Task requirements:
Return the lines from the line containing "Faces by surface" onward. Each must match exactly, and the last line of the listing below must be included.

Material for this exercise:
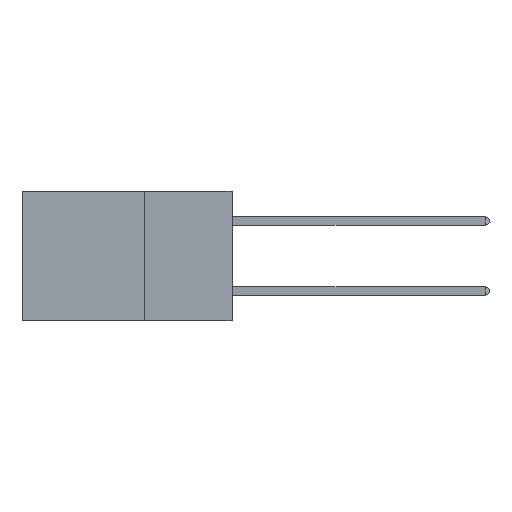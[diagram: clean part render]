
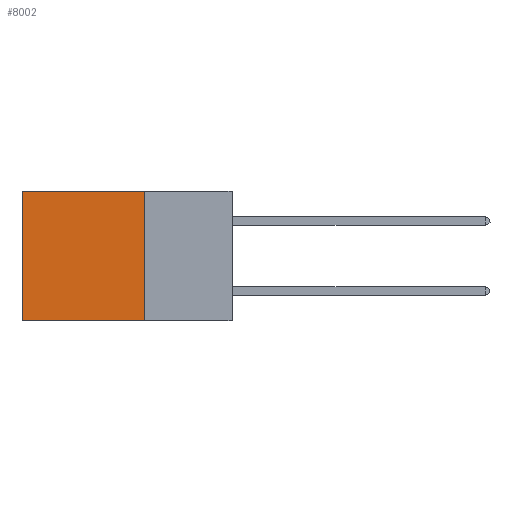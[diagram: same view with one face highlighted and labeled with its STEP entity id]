
A CAD part, left-side view. The second image highlights one B-rep face of the part: STEP entity #8002.
In plain terms, the highlighted planar face has unit normal (-1, 0, 0).
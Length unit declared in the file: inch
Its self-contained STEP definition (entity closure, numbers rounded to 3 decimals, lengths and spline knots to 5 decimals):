
#1572 = CARTESIAN_POINT ( 'NONE',  ( 0.2875, 0.25, -0.37 ) ) ;
#1644 = CARTESIAN_POINT ( 'NONE',  ( 0.2875, 0.6, 0. ) ) ;
#1699 = AXIS2_PLACEMENT_3D ( 'NONE', #6181, #17642, #12974 ) ;
#2183 = VECTOR ( 'NONE', #12337, 39.37008 ) ;
#4710 = VERTEX_POINT ( 'NONE', #1572 ) ;
#4914 = LINE ( 'NONE', #11071, #16578 ) ;
#5366 = VECTOR ( 'NONE', #13501, 39.37008 ) ;
#5415 = EDGE_CURVE ( 'NONE', #12809, #4710, #4914, .T. ) ;
#6181 = CARTESIAN_POINT ( 'NONE',  ( 0.2875, 0.25, 0. ) ) ;
#6185 = DIRECTION ( 'NONE',  ( 0., 0., -1. ) ) ;
#7383 = EDGE_LOOP ( 'NONE', ( #11227, #9503, #21157, #14538 ) ) ;
#7840 = CARTESIAN_POINT ( 'NONE',  ( 0.2875, 0.25, 0. ) ) ;
#7856 = EDGE_CURVE ( 'NONE', #12395, #15764, #9988, .T. ) ;
#7889 = LINE ( 'NONE', #17002, #20089 ) ;
#8002 = ADVANCED_FACE ( 'NONE', ( #14185 ), #15224, .F. ) ;
#8117 = EDGE_CURVE ( 'NONE', #12809, #12395, #16266, .T. ) ;
#9503 = ORIENTED_EDGE ( 'NONE', *, *, #11190, .F. ) ;
#9988 = LINE ( 'NONE', #14088, #2183 ) ;
#10375 = DIRECTION ( 'NONE',  ( 0., 1., 0. ) ) ;
#11071 = CARTESIAN_POINT ( 'NONE',  ( 0.2875, 0.25, 0. ) ) ;
#11190 = EDGE_CURVE ( 'NONE', #4710, #15764, #7889, .T. ) ;
#11227 = ORIENTED_EDGE ( 'NONE', *, *, #7856, .T. ) ;
#12337 = DIRECTION ( 'NONE',  ( 0., 0., -1. ) ) ;
#12395 = VERTEX_POINT ( 'NONE', #1644 ) ;
#12809 = VERTEX_POINT ( 'NONE', #7840 ) ;
#12974 = DIRECTION ( 'NONE',  ( 0., 0., -1. ) ) ;
#13501 = DIRECTION ( 'NONE',  ( 0., 1., 0. ) ) ;
#14088 = CARTESIAN_POINT ( 'NONE',  ( 0.2875, 0.6, 0. ) ) ;
#14185 = FACE_OUTER_BOUND ( 'NONE', #7383, .T. ) ;
#14538 = ORIENTED_EDGE ( 'NONE', *, *, #8117, .T. ) ;
#15224 = PLANE ( 'NONE',  #1699 ) ;
#15764 = VERTEX_POINT ( 'NONE', #18606 ) ;
#16266 = LINE ( 'NONE', #20302, #5366 ) ;
#16578 = VECTOR ( 'NONE', #6185, 39.37008 ) ;
#17002 = CARTESIAN_POINT ( 'NONE',  ( 0.2875, 0.25, -0.37 ) ) ;
#17642 = DIRECTION ( 'NONE',  ( 1., 0., 0. ) ) ;
#18606 = CARTESIAN_POINT ( 'NONE',  ( 0.2875, 0.6, -0.37 ) ) ;
#20089 = VECTOR ( 'NONE', #10375, 39.37008 ) ;
#20302 = CARTESIAN_POINT ( 'NONE',  ( 0.2875, 0.25, 0. ) ) ;
#21157 = ORIENTED_EDGE ( 'NONE', *, *, #5415, .F. ) ;
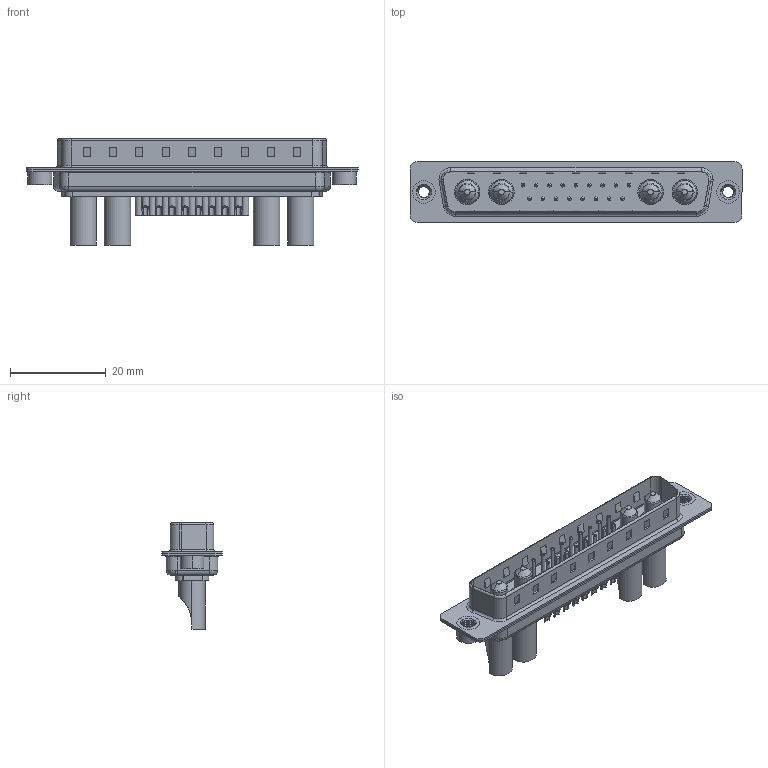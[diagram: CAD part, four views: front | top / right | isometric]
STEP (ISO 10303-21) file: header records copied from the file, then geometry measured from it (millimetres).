
FILE_DESCRIPTION (( 'STEP AP203' ), '1' );
FILE_NAME ('627-21W4222-4TA.STEP', '2019-06-26T12:12:42', ( '' ), ( '' ), 'SwSTEP 2.0', 'SolidWorks 2016', '' );
FILE_SCHEMA (( 'CONFIG_CONTROL_DESIGN' ));
Length unit declared in the file: millimetre
Products named in the file (8): 627Combo Shell Front_37 Contacts; 627Combo Housing_21W4; 627Combo Shell Rear_37 Contacts; 627Combo Contact Row 1_22; 627Combo Threaded Rivet_A; Power Pin_40A SC; 627-21W4222-4TA; 627Combo Contact Row 2_22
Assembly tree (26 placements, depth 2):
  627-21W4222-4TA
    627Combo Housing_21W4
    627Combo Shell Rear_37 Contacts
    627Combo Shell Front_37 Contacts
    627Combo Threaded Rivet_A  x2
    Power Pin_40A SC  x4
    627Combo Contact Row 1_22  x9
    627Combo Contact Row 2_22  x8
Bounding box: 69.3 x 12.6 x 22.3 mm (x, y, z)
Volume: 4229.9 mm3; surface area: 9835 mm2
Topology: 30 solids, 30 shells, 1211 faces, 2863 edges, 1757 vertices
Faces by surface type: cylinder 495, plane 404, torus 228, cone 70, bspline 14
Entity records: 22020 total; most frequent: CARTESIAN_POINT 5231, DIRECTION 3405, ORIENTED_EDGE 3070, EDGE_CURVE 1535, AXIS2_PLACEMENT_3D 1291, VERTEX_POINT 975, LINE 823, VECTOR 823

Final answer:
Faces by surface type: cylinder 495, plane 404, torus 228, cone 70, bspline 14
Entity records: 22020 total; most frequent: CARTESIAN_POINT 5231, DIRECTION 3405, ORIENTED_EDGE 3070, EDGE_CURVE 1535, AXIS2_PLACEMENT_3D 1291, VERTEX_POINT 975, LINE 823, VECTOR 823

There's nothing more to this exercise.